> _Brief_
Across all the records, filter for lines with the word "Rectangle" and copy them.
^^^^^^^^^^^^^^^^
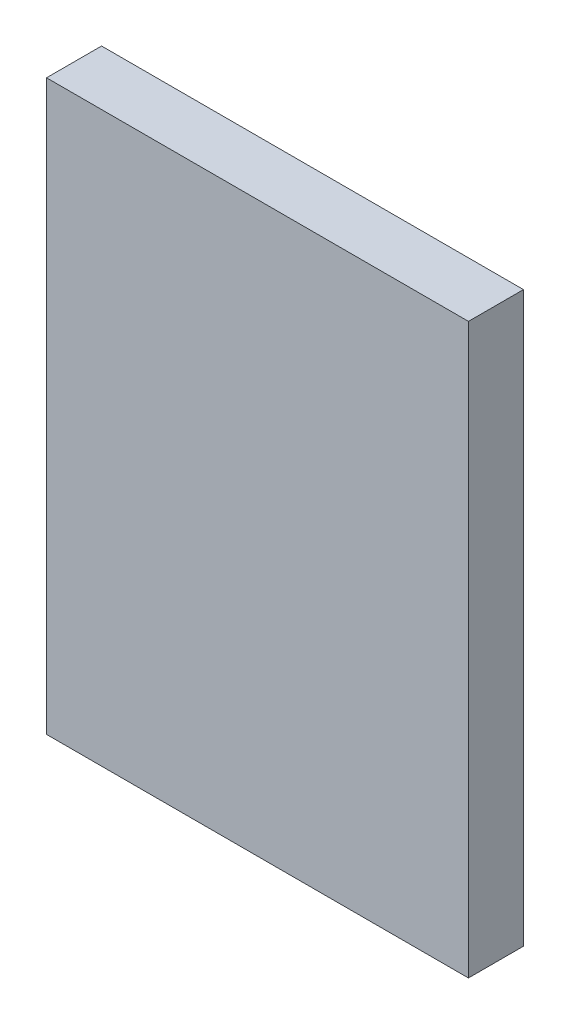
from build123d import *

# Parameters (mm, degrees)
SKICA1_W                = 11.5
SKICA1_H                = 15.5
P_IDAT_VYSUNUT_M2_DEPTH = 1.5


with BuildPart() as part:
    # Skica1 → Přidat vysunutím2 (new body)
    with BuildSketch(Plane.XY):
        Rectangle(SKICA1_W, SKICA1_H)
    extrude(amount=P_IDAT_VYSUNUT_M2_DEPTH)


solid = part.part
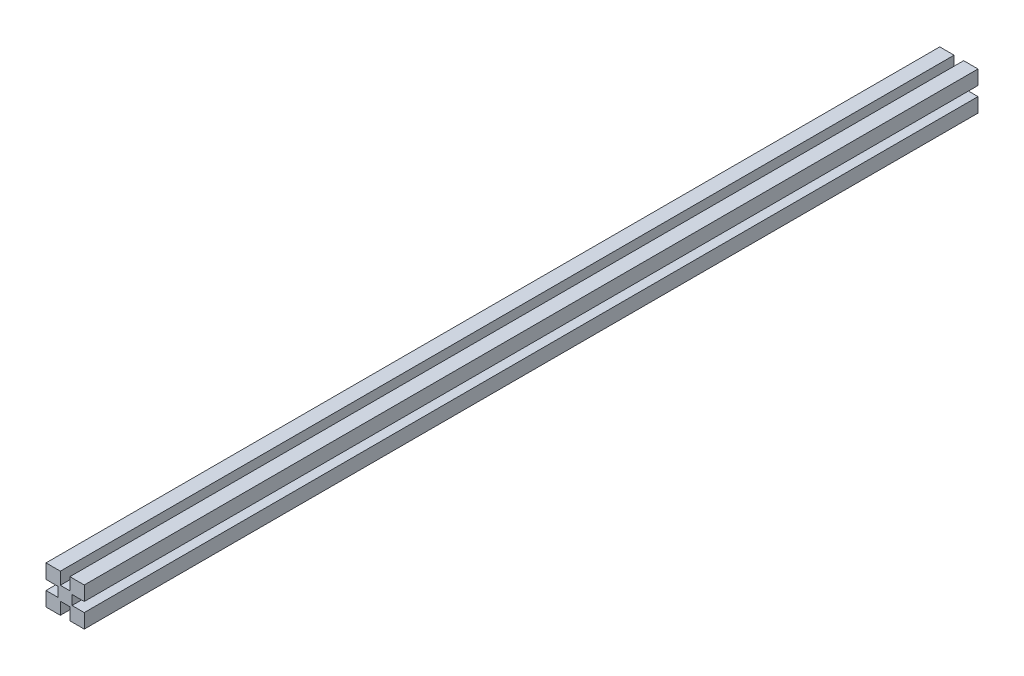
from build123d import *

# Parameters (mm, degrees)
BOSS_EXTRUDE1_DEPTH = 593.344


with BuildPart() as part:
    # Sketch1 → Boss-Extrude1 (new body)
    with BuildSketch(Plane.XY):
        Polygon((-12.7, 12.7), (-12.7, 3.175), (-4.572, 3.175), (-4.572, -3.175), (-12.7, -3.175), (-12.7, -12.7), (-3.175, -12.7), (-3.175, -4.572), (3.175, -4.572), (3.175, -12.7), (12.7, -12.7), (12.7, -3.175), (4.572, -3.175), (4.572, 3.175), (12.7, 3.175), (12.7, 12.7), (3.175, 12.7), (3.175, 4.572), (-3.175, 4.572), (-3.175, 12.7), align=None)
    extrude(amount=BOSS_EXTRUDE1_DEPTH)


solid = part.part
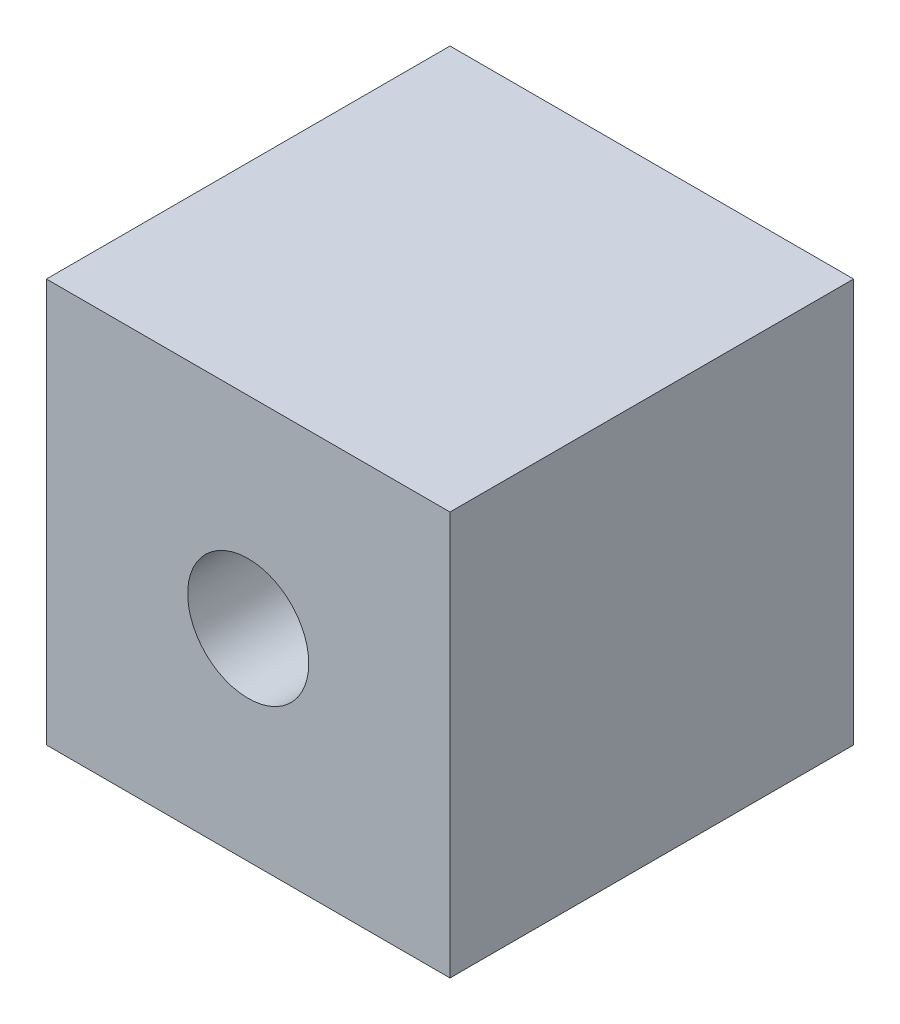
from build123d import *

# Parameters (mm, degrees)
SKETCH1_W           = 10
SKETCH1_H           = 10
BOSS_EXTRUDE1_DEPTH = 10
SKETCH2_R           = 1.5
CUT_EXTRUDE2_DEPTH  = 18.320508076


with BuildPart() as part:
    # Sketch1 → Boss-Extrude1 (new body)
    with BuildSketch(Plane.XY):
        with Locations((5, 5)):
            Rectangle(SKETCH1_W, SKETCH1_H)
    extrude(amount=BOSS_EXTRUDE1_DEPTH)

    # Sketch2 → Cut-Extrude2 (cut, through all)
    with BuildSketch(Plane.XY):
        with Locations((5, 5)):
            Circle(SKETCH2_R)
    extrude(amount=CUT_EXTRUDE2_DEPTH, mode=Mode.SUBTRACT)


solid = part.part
^^^^^^^^^^^^^^^^
> _Result for this task_
        Rectangle(SKICA1_W, SKICA1_H)
            Rectangle(SKETCH1_W, SKETCH1_H)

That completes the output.